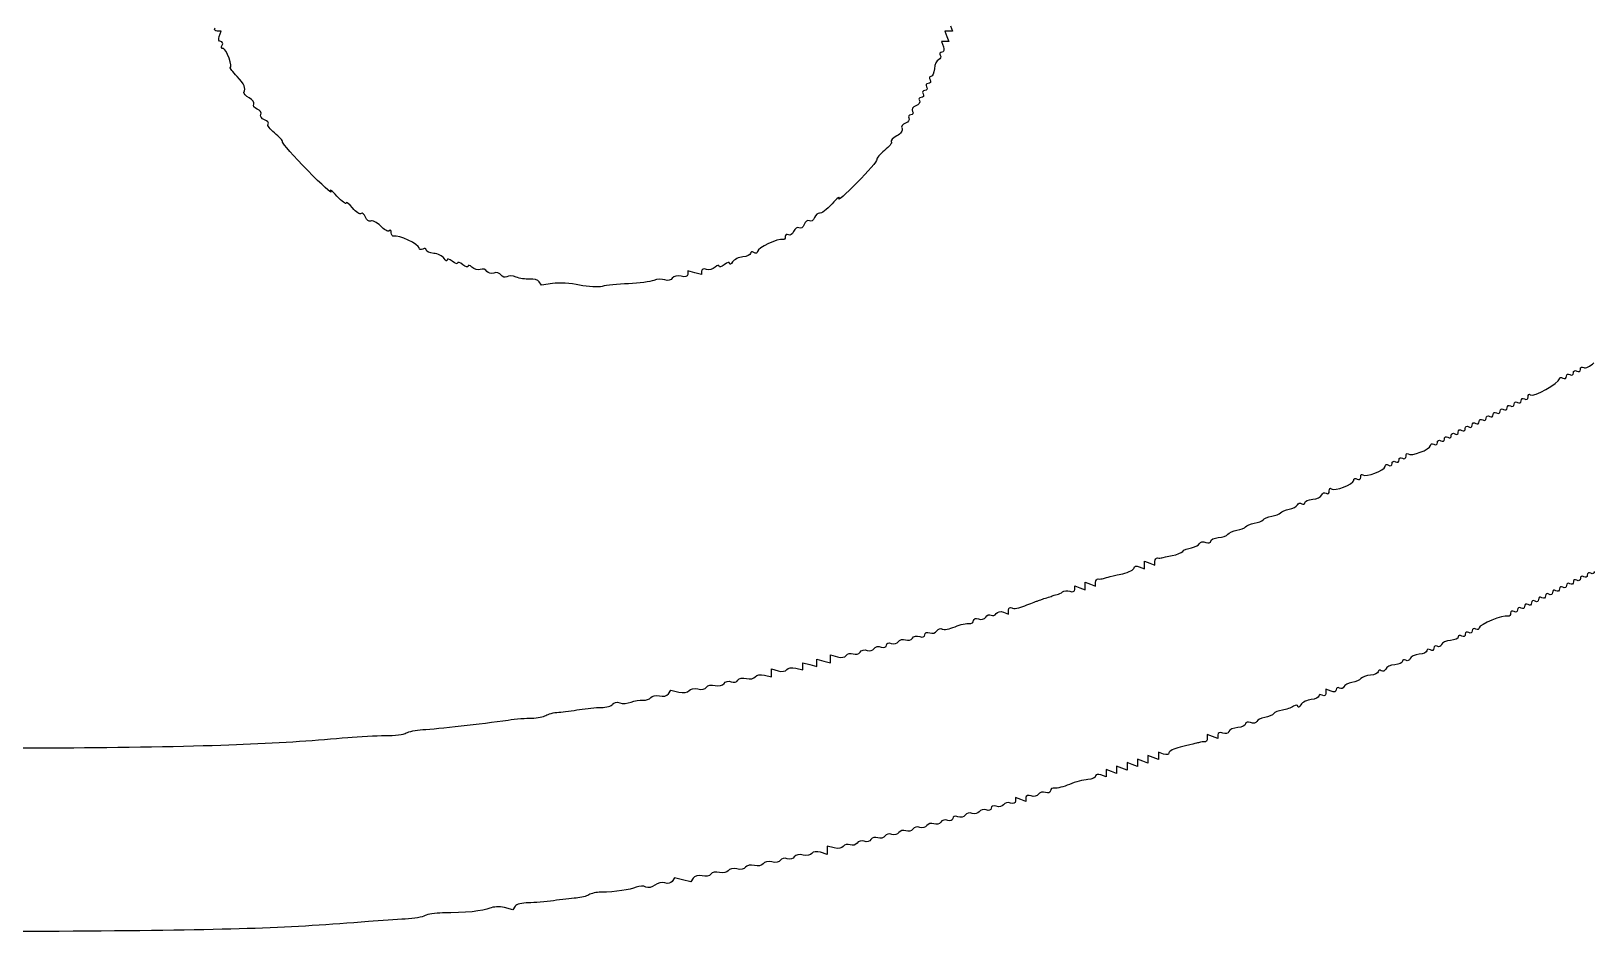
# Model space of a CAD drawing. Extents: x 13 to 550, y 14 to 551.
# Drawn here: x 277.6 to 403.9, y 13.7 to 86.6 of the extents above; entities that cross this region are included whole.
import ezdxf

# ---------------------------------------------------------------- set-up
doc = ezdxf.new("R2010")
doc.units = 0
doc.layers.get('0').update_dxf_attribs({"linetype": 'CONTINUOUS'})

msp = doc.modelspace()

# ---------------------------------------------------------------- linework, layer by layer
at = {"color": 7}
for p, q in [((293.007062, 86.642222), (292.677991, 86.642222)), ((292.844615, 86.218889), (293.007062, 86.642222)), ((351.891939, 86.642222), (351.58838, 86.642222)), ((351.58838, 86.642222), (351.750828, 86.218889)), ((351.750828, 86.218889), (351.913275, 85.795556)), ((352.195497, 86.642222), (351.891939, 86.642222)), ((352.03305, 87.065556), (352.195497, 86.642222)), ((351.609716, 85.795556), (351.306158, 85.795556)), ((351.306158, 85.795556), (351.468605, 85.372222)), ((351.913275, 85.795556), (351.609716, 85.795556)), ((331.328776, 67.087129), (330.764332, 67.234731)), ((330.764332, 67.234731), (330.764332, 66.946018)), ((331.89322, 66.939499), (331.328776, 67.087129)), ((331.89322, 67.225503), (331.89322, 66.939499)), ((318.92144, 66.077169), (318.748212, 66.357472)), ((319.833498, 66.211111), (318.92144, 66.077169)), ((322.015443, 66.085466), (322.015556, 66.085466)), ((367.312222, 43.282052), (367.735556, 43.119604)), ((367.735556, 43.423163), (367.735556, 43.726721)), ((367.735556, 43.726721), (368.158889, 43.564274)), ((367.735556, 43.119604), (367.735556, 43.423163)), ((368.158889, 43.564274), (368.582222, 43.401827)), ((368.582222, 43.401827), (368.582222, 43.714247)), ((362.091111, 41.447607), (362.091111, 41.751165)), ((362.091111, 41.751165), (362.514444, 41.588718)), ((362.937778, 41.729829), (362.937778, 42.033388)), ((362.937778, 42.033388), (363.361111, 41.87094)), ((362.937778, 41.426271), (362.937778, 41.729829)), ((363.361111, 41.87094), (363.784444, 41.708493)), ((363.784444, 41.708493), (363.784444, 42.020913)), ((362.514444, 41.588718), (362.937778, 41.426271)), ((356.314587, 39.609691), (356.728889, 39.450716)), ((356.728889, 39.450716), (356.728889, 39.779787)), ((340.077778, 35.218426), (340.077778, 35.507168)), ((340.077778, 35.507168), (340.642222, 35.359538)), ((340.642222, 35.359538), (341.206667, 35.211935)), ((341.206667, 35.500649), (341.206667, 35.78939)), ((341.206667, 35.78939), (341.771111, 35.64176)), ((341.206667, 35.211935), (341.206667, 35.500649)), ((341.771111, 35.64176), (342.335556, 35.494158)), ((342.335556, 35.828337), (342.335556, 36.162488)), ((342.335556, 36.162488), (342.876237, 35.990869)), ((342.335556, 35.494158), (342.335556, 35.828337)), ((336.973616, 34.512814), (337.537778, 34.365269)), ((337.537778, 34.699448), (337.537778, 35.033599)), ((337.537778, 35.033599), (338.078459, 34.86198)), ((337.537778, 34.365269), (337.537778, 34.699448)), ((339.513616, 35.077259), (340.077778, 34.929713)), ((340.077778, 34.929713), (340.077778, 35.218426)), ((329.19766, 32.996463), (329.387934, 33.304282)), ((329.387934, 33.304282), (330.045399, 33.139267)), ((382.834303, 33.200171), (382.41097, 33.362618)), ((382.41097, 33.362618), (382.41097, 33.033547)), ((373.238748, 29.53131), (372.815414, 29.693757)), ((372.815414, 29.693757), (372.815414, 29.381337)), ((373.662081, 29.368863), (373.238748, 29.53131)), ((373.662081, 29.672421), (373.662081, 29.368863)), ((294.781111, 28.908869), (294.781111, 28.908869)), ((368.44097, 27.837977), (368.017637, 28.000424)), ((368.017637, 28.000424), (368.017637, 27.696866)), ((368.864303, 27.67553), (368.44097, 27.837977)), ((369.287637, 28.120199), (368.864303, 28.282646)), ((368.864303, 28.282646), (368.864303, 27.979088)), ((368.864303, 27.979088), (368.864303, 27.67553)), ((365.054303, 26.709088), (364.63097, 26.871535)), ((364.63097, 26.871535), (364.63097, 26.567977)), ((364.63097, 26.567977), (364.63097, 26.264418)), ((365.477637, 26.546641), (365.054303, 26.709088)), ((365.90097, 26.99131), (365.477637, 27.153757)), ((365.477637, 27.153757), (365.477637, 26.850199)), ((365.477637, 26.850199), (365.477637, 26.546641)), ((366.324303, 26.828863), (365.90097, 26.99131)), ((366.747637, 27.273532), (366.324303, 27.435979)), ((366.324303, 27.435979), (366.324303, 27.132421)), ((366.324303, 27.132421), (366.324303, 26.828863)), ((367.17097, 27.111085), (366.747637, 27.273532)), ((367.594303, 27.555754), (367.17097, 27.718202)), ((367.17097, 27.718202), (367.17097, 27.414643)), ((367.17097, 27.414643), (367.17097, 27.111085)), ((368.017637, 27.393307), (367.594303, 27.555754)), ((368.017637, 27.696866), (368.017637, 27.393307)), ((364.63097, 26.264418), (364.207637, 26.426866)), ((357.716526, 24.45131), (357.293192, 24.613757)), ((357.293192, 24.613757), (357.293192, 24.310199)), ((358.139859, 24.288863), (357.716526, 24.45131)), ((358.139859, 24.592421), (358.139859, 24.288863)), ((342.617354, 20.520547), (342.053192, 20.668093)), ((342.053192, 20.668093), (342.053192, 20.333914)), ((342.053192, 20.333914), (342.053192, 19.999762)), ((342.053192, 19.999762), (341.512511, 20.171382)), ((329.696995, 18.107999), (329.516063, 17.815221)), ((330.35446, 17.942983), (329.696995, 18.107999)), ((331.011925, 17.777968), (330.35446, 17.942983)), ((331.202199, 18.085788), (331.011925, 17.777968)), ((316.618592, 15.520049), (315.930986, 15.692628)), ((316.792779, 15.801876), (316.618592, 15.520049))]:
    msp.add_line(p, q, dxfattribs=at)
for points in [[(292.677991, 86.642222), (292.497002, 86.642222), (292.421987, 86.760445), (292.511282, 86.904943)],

== == ==

EXERCISE GOAL
Copy out the records above in full, exactly as written, but not the pictures.

REPLY
# Model space of a CAD drawing. Extents: x 13 to 550, y 14 to 551.
# Drawn here: x 277.6 to 403.9, y 13.7 to 86.6 of the extents above; entities that cross this region are included whole.
import ezdxf

# ---------------------------------------------------------------- set-up
doc = ezdxf.new("R2010")
doc.units = 0
doc.layers.get('0').update_dxf_attribs({"linetype": 'CONTINUOUS'})

msp = doc.modelspace()

# ---------------------------------------------------------------- linework, layer by layer
at = {"color": 7}
for p, q in [((293.007062, 86.642222), (292.677991, 86.642222)), ((292.844615, 86.218889), (293.007062, 86.642222)), ((351.891939, 86.642222), (351.58838, 86.642222)), ((351.58838, 86.642222), (351.750828, 86.218889)), ((351.750828, 86.218889), (351.913275, 85.795556)), ((352.195497, 86.642222), (351.891939, 86.642222)), ((352.03305, 87.065556), (352.195497, 86.642222)), ((351.609716, 85.795556), (351.306158, 85.795556)), ((351.306158, 85.795556), (351.468605, 85.372222)), ((351.913275, 85.795556), (351.609716, 85.795556)), ((331.328776, 67.087129), (330.764332, 67.234731)), ((330.764332, 67.234731), (330.764332, 66.946018)), ((331.89322, 66.939499), (331.328776, 67.087129)), ((331.89322, 67.225503), (331.89322, 66.939499)), ((318.92144, 66.077169), (318.748212, 66.357472)), ((319.833498, 66.211111), (318.92144, 66.077169)), ((322.015443, 66.085466), (322.015556, 66.085466)), ((367.312222, 43.282052), (367.735556, 43.119604)), ((367.735556, 43.423163), (367.735556, 43.726721)), ((367.735556, 43.726721), (368.158889, 43.564274)), ((367.735556, 43.119604), (367.735556, 43.423163)), ((368.158889, 43.564274), (368.582222, 43.401827)), ((368.582222, 43.401827), (368.582222, 43.714247)), ((362.091111, 41.447607), (362.091111, 41.751165)), ((362.091111, 41.751165), (362.514444, 41.588718)), ((362.937778, 41.729829), (362.937778, 42.033388)), ((362.937778, 42.033388), (363.361111, 41.87094)), ((362.937778, 41.426271), (362.937778, 41.729829)), ((363.361111, 41.87094), (363.784444, 41.708493)), ((363.784444, 41.708493), (363.784444, 42.020913)), ((362.514444, 41.588718), (362.937778, 41.426271)), ((356.314587, 39.609691), (356.728889, 39.450716)), ((356.728889, 39.450716), (356.728889, 39.779787)), ((340.077778, 35.218426), (340.077778, 35.507168)), ((340.077778, 35.507168), (340.642222, 35.359538)), ((340.642222, 35.359538), (341.206667, 35.211935)), ((341.206667, 35.500649), (341.206667, 35.78939)), ((341.206667, 35.78939), (341.771111, 35.64176)), ((341.206667, 35.211935), (341.206667, 35.500649)), ((341.771111, 35.64176), (342.335556, 35.494158)), ((342.335556, 35.828337), (342.335556, 36.162488)), ((342.335556, 36.162488), (342.876237, 35.990869)), ((342.335556, 35.494158), (342.335556, 35.828337)), ((336.973616, 34.512814), (337.537778, 34.365269)), ((337.537778, 34.699448), (337.537778, 35.033599)), ((337.537778, 35.033599), (338.078459, 34.86198)), ((337.537778, 34.365269), (337.537778, 34.699448)), ((339.513616, 35.077259), (340.077778, 34.929713)), ((340.077778, 34.929713), (340.077778, 35.218426)), ((329.19766, 32.996463), (329.387934, 33.304282)), ((329.387934, 33.304282), (330.045399, 33.139267)), ((382.834303, 33.200171), (382.41097, 33.362618)), ((382.41097, 33.362618), (382.41097, 33.033547)), ((373.238748, 29.53131), (372.815414, 29.693757)), ((372.815414, 29.693757), (372.815414, 29.381337)), ((373.662081, 29.368863), (373.238748, 29.53131)), ((373.662081, 29.672421), (373.662081, 29.368863)), ((294.781111, 28.908869), (294.781111, 28.908869)), ((368.44097, 27.837977), (368.017637, 28.000424)), ((368.017637, 28.000424), (368.017637, 27.696866)), ((368.864303, 27.67553), (368.44097, 27.837977)), ((369.287637, 28.120199), (368.864303, 28.282646)), ((368.864303, 28.282646), (368.864303, 27.979088)), ((368.864303, 27.979088), (368.864303, 27.67553)), ((365.054303, 26.709088), (364.63097, 26.871535)), ((364.63097, 26.871535), (364.63097, 26.567977)), ((364.63097, 26.567977), (364.63097, 26.264418)), ((365.477637, 26.546641), (365.054303, 26.709088)), ((365.90097, 26.99131), (365.477637, 27.153757)), ((365.477637, 27.153757), (365.477637, 26.850199)), ((365.477637, 26.850199), (365.477637, 26.546641)), ((366.324303, 26.828863), (365.90097, 26.99131)), ((366.747637, 27.273532), (366.324303, 27.435979)), ((366.324303, 27.435979), (366.324303, 27.132421)), ((366.324303, 27.132421), (366.324303, 26.828863)), ((367.17097, 27.111085), (366.747637, 27.273532)), ((367.594303, 27.555754), (367.17097, 27.718202)), ((367.17097, 27.718202), (367.17097, 27.414643)), ((367.17097, 27.414643), (367.17097, 27.111085)), ((368.017637, 27.393307), (367.594303, 27.555754)), ((368.017637, 27.696866), (368.017637, 27.393307)), ((364.63097, 26.264418), (364.207637, 26.426866)), ((357.716526, 24.45131), (357.293192, 24.613757)), ((357.293192, 24.613757), (357.293192, 24.310199)), ((358.139859, 24.288863), (357.716526, 24.45131)), ((358.139859, 24.592421), (358.139859, 24.288863)), ((342.617354, 20.520547), (342.053192, 20.668093)), ((342.053192, 20.668093), (342.053192, 20.333914)), ((342.053192, 20.333914), (342.053192, 19.999762)), ((342.053192, 19.999762), (341.512511, 20.171382)), ((329.696995, 18.107999), (329.516063, 17.815221)), ((330.35446, 17.942983), (329.696995, 18.107999)), ((331.011925, 17.777968), (330.35446, 17.942983)), ((331.202199, 18.085788), (331.011925, 17.777968)), ((316.618592, 15.520049), (315.930986, 15.692628)), ((316.792779, 15.801876), (316.618592, 15.520049))]:
    msp.add_line(p, q, dxfattribs=at)
for points in [[(292.677991, 86.642222), (292.497002, 86.642222), (292.421987, 86.760445), (292.511282, 86.904943)],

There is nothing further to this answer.